WHAT YOU NEED TO DO
Lines of the data that contain the word "Transition" are the ones to copy.

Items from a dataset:
------------------------------------

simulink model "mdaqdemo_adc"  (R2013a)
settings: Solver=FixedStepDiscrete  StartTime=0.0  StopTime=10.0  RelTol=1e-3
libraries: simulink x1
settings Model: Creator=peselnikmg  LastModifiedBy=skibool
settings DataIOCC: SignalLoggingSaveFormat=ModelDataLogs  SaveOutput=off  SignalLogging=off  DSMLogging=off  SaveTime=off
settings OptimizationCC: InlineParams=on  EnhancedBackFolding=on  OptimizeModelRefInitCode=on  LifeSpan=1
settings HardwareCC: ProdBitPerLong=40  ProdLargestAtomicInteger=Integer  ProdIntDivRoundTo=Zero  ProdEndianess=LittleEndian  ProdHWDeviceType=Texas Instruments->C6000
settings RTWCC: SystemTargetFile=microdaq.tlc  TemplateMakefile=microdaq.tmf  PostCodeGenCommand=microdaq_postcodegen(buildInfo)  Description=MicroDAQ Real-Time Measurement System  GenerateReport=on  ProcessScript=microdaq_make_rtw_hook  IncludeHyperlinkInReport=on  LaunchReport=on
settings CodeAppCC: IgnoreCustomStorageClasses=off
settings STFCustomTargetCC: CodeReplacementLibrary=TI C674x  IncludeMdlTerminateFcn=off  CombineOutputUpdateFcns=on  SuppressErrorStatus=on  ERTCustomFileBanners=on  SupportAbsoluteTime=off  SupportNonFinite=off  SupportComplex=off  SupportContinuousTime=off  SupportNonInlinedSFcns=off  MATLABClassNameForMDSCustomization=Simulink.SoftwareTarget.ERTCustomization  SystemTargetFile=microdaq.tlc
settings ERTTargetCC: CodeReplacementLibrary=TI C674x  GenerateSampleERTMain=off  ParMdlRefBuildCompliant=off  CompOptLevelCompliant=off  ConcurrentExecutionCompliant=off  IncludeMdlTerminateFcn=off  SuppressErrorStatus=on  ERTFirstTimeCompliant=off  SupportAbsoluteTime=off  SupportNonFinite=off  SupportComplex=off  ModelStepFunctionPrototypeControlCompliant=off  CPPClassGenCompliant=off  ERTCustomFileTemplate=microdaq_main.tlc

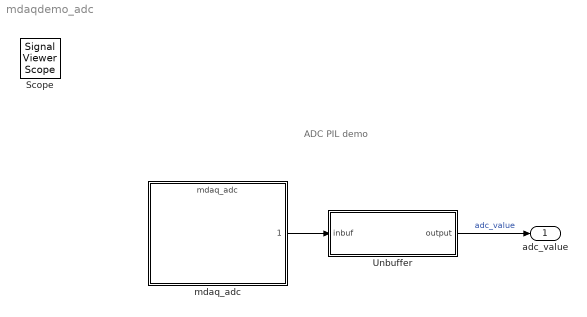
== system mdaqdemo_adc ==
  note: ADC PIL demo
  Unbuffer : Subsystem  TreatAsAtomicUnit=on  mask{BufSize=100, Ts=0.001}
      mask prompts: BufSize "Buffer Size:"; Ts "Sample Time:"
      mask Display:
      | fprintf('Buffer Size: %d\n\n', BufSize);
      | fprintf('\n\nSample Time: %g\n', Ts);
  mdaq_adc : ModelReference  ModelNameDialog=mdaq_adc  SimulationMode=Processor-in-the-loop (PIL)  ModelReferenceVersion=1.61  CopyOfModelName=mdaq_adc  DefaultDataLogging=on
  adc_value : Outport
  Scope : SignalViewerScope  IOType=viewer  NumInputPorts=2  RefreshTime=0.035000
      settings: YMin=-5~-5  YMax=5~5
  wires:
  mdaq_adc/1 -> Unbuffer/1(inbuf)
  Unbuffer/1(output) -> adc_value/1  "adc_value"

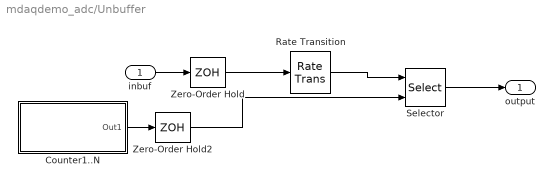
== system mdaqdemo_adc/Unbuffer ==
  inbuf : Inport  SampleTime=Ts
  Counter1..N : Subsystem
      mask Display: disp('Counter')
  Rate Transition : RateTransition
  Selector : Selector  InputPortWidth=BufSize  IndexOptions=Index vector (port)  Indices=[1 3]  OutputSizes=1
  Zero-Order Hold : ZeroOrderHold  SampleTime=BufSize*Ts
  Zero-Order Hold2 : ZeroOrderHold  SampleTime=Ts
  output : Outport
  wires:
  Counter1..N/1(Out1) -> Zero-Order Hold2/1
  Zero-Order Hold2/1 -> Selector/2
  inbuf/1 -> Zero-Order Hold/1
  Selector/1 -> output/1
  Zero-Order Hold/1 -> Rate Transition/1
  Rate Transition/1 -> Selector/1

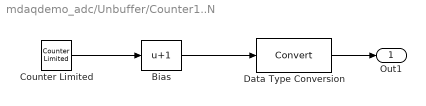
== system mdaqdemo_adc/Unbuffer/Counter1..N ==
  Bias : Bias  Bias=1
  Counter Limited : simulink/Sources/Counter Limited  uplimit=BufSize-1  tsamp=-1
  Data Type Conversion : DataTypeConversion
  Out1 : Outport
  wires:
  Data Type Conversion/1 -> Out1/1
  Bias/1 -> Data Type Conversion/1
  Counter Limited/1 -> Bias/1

------------------------------------

TASK OUTPUT
  Rate Transition : RateTransition
  Zero-Order Hold/1 -> Rate Transition/1
  Rate Transition/1 -> Selector/1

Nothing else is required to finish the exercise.